Brief >> Set down the data below from its first line to the line holding "[diagram v1a: part of the schematic, before]", inclusive; omit all pictures.

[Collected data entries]

<<<<

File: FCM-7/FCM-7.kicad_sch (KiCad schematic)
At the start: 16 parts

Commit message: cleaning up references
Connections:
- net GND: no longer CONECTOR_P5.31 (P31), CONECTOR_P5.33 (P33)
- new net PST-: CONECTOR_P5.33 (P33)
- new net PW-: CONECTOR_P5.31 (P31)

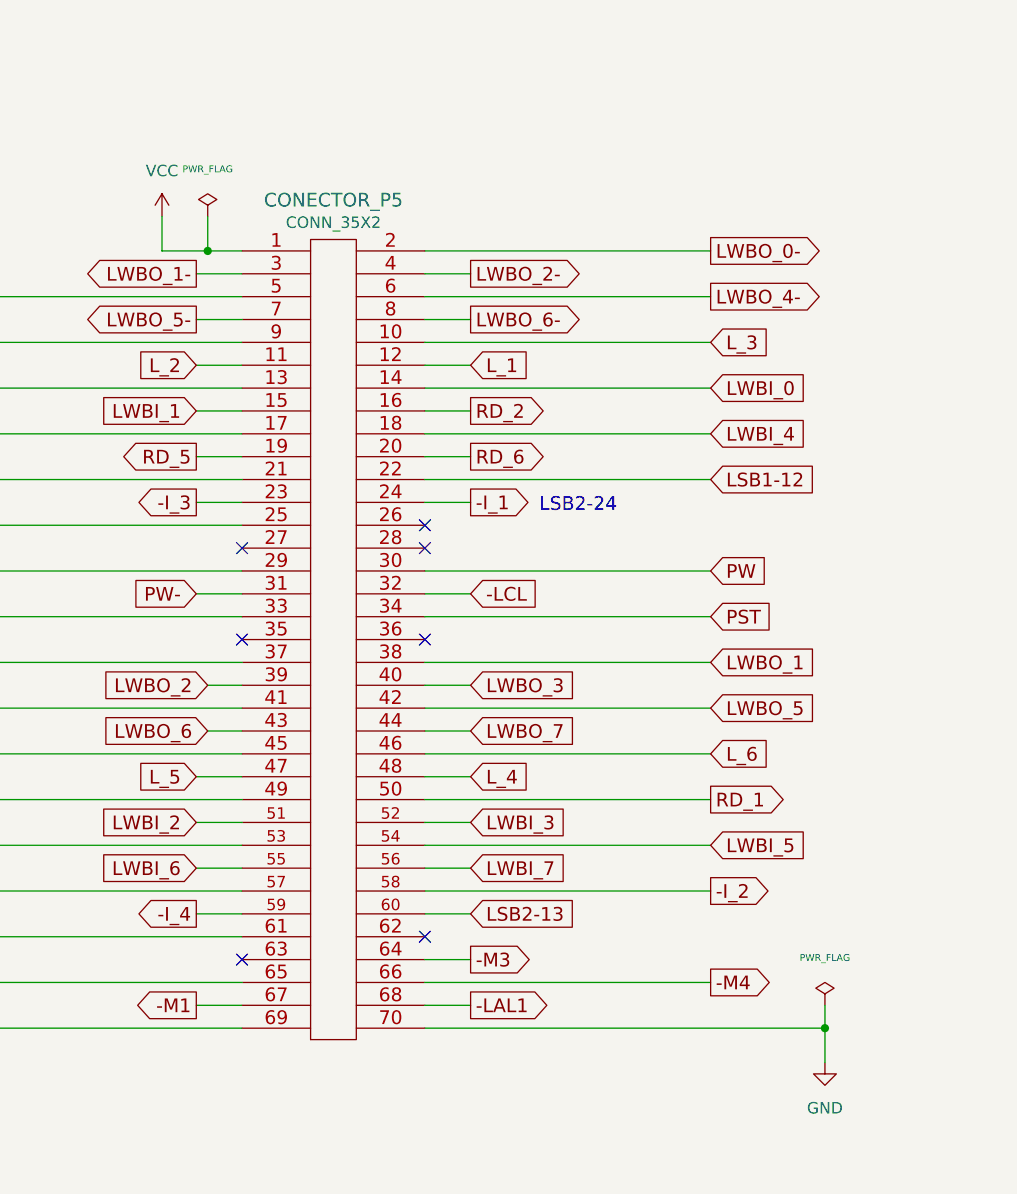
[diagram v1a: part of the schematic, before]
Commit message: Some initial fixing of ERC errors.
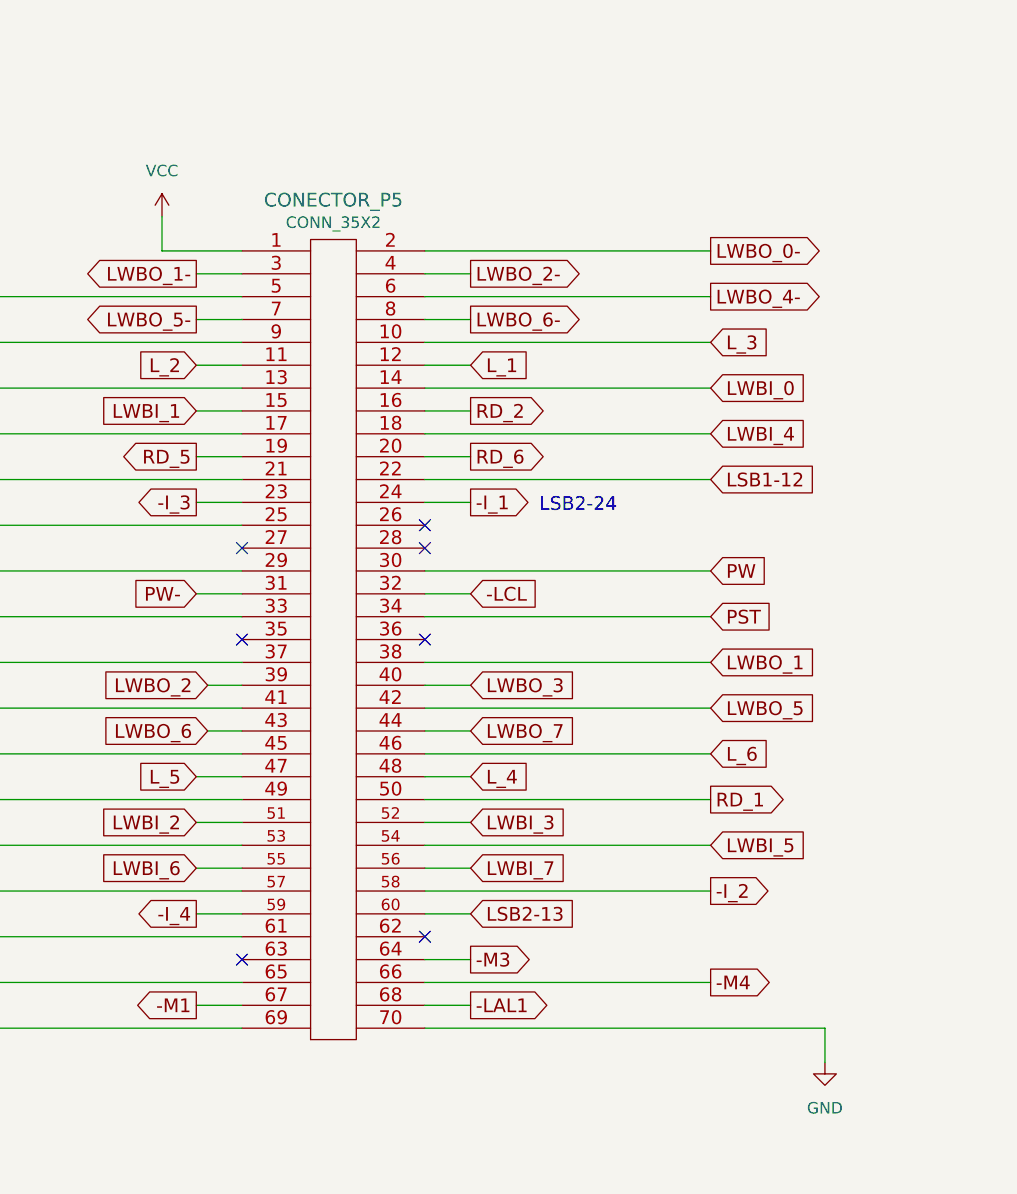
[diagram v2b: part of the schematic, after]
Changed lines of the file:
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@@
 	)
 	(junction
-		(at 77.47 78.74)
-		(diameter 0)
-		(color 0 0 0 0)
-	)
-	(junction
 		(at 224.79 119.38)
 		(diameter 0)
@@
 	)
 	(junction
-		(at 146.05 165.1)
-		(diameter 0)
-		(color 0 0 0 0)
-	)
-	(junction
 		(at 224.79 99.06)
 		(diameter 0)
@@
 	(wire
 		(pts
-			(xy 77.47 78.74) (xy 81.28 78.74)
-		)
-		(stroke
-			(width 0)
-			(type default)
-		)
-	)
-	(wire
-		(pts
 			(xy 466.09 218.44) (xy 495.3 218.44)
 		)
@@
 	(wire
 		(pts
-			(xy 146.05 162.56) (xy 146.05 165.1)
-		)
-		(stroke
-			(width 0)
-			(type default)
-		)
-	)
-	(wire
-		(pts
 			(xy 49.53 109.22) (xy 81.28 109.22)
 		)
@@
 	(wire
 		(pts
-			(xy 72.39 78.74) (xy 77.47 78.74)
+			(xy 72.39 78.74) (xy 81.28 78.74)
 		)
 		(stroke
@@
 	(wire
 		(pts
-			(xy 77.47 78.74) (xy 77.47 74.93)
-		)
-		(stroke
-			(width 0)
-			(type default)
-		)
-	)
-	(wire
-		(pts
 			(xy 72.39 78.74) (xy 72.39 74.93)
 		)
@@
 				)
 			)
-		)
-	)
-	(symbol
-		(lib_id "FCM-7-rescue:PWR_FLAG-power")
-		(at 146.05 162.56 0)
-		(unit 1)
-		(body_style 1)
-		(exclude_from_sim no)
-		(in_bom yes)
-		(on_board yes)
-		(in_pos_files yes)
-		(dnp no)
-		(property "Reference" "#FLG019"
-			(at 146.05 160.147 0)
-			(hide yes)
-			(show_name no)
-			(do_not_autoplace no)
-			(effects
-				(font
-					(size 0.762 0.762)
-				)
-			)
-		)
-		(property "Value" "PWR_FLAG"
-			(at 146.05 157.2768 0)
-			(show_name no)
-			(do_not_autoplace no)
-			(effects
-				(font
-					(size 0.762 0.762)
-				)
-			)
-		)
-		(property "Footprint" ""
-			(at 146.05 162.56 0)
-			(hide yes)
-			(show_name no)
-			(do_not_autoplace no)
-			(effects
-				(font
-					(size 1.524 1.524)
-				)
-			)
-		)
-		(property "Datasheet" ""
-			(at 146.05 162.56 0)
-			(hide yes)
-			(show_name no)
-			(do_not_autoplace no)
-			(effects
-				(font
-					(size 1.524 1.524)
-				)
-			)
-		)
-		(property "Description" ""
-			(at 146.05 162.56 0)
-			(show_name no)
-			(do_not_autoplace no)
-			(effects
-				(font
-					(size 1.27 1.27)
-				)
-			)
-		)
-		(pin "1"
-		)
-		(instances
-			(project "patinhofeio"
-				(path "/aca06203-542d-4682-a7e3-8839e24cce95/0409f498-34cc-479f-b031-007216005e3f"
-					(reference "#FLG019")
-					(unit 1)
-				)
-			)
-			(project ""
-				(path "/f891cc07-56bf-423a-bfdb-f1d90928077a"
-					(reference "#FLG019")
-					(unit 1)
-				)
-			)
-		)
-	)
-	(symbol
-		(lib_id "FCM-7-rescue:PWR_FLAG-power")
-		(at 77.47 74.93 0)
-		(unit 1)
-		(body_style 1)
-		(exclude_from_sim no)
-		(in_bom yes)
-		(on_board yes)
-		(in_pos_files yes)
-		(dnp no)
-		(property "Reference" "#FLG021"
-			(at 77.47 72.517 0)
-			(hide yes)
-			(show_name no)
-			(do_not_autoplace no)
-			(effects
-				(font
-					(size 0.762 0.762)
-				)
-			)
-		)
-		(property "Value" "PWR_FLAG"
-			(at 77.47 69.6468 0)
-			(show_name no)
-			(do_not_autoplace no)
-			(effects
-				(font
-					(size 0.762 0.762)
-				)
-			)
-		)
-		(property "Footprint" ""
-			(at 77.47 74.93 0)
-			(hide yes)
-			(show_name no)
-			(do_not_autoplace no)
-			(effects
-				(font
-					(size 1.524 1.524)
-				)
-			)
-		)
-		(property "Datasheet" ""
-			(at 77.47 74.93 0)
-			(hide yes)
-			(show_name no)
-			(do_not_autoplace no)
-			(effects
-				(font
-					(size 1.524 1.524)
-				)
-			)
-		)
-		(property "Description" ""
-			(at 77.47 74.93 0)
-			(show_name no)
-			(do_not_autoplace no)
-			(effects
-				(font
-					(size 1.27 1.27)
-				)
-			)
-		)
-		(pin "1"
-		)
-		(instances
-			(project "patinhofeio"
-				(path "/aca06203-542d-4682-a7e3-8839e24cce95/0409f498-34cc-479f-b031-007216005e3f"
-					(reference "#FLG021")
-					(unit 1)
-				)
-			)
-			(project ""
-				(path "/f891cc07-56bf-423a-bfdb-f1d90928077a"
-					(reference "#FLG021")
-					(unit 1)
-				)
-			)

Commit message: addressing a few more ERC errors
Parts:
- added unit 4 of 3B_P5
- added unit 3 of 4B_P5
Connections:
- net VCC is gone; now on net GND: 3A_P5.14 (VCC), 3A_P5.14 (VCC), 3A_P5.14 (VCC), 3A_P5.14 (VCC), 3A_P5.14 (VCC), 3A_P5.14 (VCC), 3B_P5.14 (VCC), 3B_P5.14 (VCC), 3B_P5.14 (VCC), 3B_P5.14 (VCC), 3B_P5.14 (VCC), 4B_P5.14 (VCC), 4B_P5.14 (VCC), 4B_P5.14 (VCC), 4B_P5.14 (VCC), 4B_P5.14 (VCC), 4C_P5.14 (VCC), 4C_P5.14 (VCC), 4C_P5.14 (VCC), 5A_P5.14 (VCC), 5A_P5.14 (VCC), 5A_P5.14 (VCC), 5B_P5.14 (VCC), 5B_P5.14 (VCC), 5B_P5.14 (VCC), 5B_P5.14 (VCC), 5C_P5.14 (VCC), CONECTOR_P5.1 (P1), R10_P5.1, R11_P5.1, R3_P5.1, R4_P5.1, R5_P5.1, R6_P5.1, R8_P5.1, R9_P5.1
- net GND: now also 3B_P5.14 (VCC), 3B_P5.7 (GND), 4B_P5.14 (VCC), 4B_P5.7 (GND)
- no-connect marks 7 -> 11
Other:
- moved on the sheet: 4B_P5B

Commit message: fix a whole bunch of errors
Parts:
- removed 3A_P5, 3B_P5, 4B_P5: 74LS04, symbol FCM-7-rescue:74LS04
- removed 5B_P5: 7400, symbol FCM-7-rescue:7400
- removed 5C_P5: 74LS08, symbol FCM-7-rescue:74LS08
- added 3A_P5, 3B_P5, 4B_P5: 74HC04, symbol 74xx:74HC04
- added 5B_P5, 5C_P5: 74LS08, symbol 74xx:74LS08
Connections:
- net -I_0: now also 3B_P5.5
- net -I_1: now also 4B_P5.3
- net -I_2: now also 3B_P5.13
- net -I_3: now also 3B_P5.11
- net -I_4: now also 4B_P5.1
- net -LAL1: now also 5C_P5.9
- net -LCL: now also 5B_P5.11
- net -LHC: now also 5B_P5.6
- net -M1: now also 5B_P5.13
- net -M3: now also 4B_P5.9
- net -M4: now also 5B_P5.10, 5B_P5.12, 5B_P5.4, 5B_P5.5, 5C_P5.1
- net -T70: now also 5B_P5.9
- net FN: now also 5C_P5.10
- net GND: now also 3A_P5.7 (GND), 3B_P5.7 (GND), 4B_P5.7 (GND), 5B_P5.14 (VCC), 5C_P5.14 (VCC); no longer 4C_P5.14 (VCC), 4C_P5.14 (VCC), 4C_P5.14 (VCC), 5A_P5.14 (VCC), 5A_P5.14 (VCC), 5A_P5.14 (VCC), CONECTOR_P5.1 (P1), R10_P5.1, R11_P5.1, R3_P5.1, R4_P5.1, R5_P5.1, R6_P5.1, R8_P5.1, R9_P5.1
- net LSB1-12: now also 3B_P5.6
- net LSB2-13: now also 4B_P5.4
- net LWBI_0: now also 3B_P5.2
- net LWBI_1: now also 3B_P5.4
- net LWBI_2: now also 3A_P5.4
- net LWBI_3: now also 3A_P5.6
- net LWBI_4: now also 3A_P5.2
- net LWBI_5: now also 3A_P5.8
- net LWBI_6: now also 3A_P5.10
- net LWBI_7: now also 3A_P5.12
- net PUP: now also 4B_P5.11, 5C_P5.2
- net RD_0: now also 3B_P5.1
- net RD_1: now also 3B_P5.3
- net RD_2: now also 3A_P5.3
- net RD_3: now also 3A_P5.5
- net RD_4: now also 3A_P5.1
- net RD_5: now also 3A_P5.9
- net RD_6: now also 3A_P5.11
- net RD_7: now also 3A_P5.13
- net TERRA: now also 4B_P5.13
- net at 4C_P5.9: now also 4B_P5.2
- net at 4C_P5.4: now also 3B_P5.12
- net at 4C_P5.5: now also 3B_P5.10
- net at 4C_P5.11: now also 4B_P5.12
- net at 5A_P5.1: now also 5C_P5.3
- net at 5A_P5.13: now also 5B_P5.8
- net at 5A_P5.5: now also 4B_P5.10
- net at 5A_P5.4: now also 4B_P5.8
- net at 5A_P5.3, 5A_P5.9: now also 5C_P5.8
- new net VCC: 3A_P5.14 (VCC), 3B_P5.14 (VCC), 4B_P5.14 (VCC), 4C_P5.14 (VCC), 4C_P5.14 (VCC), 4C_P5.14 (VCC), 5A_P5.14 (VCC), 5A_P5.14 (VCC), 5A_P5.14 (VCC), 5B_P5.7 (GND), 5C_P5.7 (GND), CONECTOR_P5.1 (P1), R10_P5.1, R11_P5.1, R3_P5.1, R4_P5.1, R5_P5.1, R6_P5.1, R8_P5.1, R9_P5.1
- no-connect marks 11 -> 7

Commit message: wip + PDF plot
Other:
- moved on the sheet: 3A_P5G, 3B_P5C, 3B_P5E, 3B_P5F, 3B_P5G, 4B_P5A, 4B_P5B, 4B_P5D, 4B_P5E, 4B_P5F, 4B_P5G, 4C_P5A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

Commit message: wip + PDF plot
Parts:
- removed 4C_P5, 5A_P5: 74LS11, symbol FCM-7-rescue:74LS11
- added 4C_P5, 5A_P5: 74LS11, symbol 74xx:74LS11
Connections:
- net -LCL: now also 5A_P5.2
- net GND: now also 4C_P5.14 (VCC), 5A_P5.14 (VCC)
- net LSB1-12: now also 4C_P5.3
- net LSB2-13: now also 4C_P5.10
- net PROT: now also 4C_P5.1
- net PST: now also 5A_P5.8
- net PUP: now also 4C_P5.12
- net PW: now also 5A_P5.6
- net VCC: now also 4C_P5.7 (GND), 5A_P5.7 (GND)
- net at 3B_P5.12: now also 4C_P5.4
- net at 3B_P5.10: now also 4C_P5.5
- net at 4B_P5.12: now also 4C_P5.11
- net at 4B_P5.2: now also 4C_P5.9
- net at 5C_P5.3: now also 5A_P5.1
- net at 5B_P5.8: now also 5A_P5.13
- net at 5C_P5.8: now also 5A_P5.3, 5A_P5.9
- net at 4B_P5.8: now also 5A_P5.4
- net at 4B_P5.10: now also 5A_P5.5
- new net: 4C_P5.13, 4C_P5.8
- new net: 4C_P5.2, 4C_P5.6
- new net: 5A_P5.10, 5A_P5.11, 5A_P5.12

>>>>

Completed exercise >>
File: FCM-7/FCM-7.kicad_sch (KiCad schematic)
At the start: 16 parts

Commit message: cleaning up references
Connections:
- net GND: no longer CONECTOR_P5.31 (P31), CONECTOR_P5.33 (P33)
- new net PST-: CONECTOR_P5.33 (P33)
- new net PW-: CONECTOR_P5.31 (P31)

[diagram v1a: part of the schematic, before]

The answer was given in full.